Mais nous n’en aurions pas fini. Projeter, en effet, est impropre dans le contexte. À tout le moins, c’est une exagération. Ce verbe signifie “jeter loin en avant, avec force”. Ce n’est pas ce que semble faire notre bras, aléatoire ou pas. Ou bien Juliette est dotée d’une force surhumaine et incontrôlable, ce que la suite du texte n’indique pas.

Juliette lança, d’une façon hasardeuse, vers la table de nuit, un bras, qui fit tomber le radio-réveil sur le sol.

Voilà tout de suite qui paraît plus plausible. Mais alors soudain, comme dirait monsieur Musso nous nous avisons de la superfluité de ce “sur le sol”. Où, ailleurs que sur le sol, notre radio-réveil pourrait-il tomber en effet ? De savoureux cas particuliers sont toujours possibles, mais en l’occurrence nous sommes dans la chambre très banale d’une jeune femme très banale et c’est donc sur le sol, nécessairement, que choit le radio-réveil. Comme nos corrections précédentes ont quelque peu alourdi la phrase originale, c’est d’autant plus volontiers que nous sacrifierons cette précision inutile.

Juliette lança, d’une façon hasardeuse, vers la table de nuit, un bras, qui fit tomber le radio-réveil.

Cela, je l’avoue, ne me satisfait pas. Je vois bien que toutes ces incises entravent la lecture et foutent par terre la rapidité cavalière voulue par monsieur Musso. C’est que j’ai trop cherché à respecter l’original. Pas la peine de se voiler la face : cette phrase était complètement naze et il faut la refaire entièrement.

Juliette lança à l’aveuglette un bras vers le radio-réveil et le fit tomber de la table de nuit.

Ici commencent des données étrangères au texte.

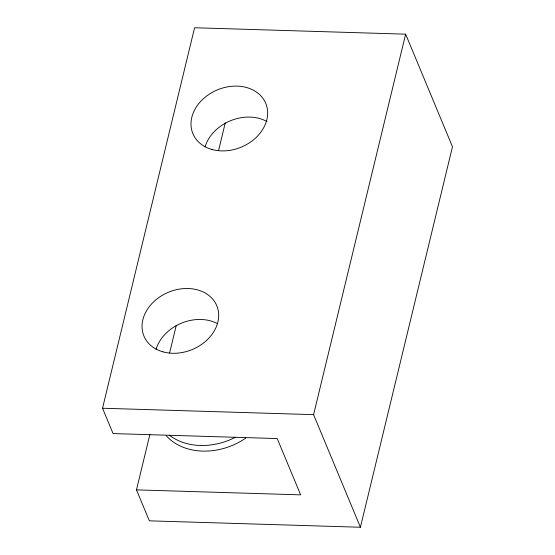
<?xml version="1.0" encoding="UTF-8"?>
<svg xmlns="http://www.w3.org/2000/svg" width="555" height="555" viewBox="0 0 555 555"><rect width="100%" height="100%" fill="white"/><g stroke="black" fill="none" stroke-linecap="round" stroke-linejoin="round"><path stroke-width="0.83" d="M136.481 489.871L300.637 494.859L277.229 438.561L113.067 433.573L102.529 408.237L194.583 27.75L405.643 34.167L452.471 146.763L360.417 527.25L149.357 520.833L136.481 489.871L149.892 434.426M169.601 352.952L176.31 325.237M218.573 150.544L225.275 122.821M360.417 527.25L313.596 414.654L405.643 34.167M102.529 408.237L313.596 414.654M205.086 146.804A39.461 31.018 -22.6 0 1 267.059 121.6M245.796 438.089A59.191 46.53 -22.6 0 1 166.202 435.668M235.382 437.285A59.191 46.53 -22.6 0 1 169.379 435.196M156.121 349.192A39.461 31.018 -22.6 0 1 217.4 323.607M212.045 149.496A39.461 31.018 -22.6 0 0 267.593 111.229A39.461 31.018 -22.6 0 0 208.326 94.808A39.461 31.018 -22.6 0 0 212.045 149.496M163.08 351.884A39.461 31.018 -22.6 0 0 218.628 313.624A39.461 31.018 -22.6 0 0 159.368 297.196A39.461 31.018 -22.6 0 0 163.08 351.884"/></g></svg>

N’est-ce pas infiniment plus clair ? Toute l’erreur de monsieur Musso consistait à faire de la table de nuit la cible du bras de Juliette, alors que c’était le radio-réveil qu’elle visait, fût-ce approximativement. La moindre des choses que l’on soit en droit d’exiger d’un auteur ayant le front de commencer un livre par une telle péripétie, c’est que celle-ci soit exprimée en bon français. Nul besoin de vous dire que le reste du livre est à l’avenant, et nécessiterait un travail similaire à celui que je viens gratuitement d’effectuer. C’est pourquoi, au nom d’une certaine idée de la dignité éditoriale et alléché par l’appât du gain, je vous prie de considérer etc.